__Problem__:
Below are some records; quote exactly the lines from the one that contains "Q/1 -> Prediction/4(Q)" through the one that contains "Unit Delay1/1 -> Prediction/3(P_k_1)", inclusive, and no others.

__Source material__:
== Segment start ==
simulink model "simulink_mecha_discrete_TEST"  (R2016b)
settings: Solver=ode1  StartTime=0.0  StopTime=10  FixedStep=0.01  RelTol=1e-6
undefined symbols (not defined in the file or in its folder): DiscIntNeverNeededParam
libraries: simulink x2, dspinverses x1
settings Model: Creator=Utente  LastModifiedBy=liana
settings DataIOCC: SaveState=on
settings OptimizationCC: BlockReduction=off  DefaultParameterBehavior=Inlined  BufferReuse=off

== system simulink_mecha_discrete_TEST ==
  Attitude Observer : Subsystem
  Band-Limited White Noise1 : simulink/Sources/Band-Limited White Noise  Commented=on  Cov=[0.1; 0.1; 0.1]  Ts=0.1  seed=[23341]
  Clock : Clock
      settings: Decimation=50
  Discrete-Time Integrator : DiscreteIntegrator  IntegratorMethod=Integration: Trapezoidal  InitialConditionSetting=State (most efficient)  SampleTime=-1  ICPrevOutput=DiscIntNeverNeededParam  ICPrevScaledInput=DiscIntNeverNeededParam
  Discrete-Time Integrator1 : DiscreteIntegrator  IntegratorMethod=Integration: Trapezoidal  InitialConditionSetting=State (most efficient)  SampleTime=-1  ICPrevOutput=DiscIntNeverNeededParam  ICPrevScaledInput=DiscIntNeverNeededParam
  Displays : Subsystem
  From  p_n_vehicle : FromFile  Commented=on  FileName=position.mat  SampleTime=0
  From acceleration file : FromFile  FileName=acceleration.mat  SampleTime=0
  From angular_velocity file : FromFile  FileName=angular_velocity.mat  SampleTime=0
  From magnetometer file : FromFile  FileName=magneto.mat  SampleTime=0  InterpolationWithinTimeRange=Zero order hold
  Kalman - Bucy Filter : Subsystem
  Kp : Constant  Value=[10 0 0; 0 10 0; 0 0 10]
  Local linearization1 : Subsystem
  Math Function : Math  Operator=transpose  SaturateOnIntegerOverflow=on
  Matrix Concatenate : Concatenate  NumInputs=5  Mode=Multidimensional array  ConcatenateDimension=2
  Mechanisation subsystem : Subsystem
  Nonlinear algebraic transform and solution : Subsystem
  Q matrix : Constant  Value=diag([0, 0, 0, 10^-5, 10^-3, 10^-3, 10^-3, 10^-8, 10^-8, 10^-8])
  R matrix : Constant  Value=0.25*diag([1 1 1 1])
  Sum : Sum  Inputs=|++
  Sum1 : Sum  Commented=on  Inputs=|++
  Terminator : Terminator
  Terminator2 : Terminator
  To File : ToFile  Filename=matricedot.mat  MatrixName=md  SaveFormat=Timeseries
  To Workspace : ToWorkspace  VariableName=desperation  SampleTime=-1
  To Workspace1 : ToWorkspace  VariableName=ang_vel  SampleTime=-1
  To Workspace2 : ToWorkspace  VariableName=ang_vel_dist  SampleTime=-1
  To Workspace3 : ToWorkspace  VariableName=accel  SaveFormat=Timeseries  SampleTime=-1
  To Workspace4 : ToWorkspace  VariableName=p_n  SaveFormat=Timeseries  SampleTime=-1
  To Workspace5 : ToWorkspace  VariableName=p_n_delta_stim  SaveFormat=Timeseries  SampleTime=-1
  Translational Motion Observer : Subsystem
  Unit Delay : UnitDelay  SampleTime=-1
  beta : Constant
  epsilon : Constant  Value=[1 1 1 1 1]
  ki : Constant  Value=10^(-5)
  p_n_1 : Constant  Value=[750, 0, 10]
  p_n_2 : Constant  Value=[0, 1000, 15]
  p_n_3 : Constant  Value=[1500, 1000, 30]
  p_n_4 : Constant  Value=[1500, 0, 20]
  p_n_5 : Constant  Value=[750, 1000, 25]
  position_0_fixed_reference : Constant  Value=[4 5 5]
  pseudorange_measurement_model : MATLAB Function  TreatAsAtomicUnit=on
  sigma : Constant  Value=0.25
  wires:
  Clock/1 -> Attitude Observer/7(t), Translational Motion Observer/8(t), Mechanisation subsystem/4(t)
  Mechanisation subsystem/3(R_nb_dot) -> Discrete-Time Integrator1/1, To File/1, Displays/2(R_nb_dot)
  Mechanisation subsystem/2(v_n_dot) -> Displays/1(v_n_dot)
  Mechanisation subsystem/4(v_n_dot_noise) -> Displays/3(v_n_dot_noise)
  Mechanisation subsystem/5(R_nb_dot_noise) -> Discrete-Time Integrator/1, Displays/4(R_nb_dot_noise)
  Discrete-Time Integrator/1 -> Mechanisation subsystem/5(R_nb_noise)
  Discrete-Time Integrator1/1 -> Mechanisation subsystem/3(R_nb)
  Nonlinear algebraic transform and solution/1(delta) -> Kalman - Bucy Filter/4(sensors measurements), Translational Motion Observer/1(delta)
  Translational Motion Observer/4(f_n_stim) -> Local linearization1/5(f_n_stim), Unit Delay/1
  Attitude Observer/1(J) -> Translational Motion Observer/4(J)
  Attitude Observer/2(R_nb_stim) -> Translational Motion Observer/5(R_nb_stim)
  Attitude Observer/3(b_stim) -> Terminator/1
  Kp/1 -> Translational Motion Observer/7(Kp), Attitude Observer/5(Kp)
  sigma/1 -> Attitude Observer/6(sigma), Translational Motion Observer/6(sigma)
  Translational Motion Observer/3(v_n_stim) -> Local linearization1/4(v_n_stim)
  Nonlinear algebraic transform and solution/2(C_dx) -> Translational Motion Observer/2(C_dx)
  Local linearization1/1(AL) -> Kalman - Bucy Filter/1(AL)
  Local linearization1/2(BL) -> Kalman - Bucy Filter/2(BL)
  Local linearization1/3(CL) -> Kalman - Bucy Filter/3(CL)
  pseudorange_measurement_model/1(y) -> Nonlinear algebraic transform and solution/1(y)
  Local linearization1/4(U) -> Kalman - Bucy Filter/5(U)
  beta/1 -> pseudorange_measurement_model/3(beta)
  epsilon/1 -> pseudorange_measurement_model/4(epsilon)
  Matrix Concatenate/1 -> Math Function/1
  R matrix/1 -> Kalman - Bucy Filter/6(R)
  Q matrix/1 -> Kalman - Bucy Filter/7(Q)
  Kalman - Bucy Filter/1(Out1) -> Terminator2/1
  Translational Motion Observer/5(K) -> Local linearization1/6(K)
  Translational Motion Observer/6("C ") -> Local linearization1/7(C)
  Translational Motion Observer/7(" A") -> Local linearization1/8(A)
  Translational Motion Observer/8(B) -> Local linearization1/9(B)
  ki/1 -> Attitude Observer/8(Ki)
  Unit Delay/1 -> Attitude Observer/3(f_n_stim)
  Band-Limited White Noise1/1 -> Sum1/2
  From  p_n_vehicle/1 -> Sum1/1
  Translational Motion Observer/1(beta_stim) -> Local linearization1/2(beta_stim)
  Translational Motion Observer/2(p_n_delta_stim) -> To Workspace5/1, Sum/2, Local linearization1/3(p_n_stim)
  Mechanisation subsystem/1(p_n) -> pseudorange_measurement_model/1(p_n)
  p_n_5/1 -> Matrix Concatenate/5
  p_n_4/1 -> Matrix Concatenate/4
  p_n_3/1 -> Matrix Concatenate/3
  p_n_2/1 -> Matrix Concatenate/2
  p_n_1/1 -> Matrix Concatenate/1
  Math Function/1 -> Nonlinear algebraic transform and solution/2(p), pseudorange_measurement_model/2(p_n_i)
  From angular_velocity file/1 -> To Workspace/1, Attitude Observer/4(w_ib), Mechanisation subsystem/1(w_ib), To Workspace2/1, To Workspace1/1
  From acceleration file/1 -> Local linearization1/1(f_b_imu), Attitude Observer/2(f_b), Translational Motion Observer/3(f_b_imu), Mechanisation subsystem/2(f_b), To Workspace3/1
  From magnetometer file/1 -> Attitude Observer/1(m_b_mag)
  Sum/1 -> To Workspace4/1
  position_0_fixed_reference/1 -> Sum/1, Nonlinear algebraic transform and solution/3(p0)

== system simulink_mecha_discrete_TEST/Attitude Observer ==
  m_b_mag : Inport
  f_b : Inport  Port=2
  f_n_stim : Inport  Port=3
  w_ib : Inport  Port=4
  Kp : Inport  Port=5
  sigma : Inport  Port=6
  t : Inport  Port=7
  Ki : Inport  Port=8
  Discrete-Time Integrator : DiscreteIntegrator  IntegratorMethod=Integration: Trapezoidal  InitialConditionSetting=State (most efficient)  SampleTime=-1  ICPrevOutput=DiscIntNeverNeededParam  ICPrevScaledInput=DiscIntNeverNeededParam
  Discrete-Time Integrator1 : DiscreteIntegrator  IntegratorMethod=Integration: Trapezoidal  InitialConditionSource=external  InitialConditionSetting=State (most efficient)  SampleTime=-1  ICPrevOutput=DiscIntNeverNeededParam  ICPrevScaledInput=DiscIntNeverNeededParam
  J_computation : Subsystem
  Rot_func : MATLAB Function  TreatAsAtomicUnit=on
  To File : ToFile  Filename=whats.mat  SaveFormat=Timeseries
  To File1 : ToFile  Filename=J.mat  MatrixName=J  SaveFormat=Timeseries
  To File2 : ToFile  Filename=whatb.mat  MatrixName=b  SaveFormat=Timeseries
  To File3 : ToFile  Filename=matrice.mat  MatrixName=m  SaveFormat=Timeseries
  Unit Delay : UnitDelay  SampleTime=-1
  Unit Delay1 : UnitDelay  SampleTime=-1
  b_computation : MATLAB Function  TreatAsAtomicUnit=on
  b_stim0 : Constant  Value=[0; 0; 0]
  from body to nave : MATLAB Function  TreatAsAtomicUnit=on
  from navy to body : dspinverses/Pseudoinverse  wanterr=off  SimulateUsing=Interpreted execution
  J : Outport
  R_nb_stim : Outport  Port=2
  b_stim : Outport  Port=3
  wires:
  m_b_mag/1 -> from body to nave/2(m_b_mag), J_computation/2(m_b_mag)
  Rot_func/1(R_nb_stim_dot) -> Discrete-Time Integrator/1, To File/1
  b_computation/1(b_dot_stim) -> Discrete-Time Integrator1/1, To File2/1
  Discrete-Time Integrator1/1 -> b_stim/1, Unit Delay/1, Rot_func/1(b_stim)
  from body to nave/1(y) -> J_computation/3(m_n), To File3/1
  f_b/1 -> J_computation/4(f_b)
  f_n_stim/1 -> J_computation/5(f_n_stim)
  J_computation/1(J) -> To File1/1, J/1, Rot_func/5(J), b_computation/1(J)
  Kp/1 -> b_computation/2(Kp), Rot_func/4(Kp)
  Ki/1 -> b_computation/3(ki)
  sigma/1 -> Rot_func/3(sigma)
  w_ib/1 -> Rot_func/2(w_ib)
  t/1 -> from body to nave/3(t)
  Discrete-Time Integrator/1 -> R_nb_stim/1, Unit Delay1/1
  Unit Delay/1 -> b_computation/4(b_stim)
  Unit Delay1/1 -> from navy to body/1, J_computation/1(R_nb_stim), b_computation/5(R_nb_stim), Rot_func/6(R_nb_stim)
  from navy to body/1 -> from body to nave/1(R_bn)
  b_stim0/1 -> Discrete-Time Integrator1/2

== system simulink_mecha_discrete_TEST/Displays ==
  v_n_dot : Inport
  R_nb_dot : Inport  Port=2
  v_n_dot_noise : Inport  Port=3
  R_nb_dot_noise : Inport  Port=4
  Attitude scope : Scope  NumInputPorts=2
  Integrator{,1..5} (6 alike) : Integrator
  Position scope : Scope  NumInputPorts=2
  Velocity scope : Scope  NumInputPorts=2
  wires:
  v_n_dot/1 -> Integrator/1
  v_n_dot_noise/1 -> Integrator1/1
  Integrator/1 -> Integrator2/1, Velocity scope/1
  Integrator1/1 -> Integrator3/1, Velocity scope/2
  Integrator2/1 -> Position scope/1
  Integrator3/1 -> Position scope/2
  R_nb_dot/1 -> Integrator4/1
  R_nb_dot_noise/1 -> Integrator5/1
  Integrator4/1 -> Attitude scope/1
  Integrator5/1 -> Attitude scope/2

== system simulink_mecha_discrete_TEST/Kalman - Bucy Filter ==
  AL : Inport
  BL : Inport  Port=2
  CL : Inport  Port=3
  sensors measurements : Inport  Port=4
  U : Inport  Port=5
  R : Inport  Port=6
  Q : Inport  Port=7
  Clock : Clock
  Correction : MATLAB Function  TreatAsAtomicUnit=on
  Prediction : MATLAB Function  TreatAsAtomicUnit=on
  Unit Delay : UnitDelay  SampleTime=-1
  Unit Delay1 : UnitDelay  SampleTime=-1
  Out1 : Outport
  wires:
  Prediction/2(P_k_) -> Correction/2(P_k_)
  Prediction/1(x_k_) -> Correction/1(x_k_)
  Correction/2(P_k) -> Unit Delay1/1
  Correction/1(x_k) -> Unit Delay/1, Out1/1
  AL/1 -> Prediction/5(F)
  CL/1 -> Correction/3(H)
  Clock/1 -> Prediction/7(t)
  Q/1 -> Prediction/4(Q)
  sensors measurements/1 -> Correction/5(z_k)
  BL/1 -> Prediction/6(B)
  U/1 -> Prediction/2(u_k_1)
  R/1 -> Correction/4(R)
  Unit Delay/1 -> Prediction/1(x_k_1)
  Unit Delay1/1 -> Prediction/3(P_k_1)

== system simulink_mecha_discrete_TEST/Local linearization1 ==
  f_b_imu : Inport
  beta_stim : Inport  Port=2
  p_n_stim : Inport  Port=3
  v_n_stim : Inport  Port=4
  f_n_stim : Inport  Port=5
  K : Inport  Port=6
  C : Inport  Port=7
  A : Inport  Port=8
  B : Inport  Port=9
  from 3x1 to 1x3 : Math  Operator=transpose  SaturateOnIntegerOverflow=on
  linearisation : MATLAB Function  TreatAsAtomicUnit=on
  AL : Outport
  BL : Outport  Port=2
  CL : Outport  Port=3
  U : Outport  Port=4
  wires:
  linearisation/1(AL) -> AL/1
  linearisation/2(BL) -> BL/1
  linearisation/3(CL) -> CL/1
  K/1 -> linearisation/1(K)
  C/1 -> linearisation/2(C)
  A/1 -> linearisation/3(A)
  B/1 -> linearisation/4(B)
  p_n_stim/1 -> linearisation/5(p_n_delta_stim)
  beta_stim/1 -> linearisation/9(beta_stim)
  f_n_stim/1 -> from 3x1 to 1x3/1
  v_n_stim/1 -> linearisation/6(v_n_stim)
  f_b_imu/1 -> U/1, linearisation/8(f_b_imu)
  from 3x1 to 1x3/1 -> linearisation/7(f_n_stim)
== Segment end ==
__Response__:
  Q/1 -> Prediction/4(Q)
  sensors measurements/1 -> Correction/5(z_k)
  BL/1 -> Prediction/6(B)
  U/1 -> Prediction/2(u_k_1)
  R/1 -> Correction/4(R)
  Unit Delay/1 -> Prediction/1(x_k_1)
  Unit Delay1/1 -> Prediction/3(P_k_1)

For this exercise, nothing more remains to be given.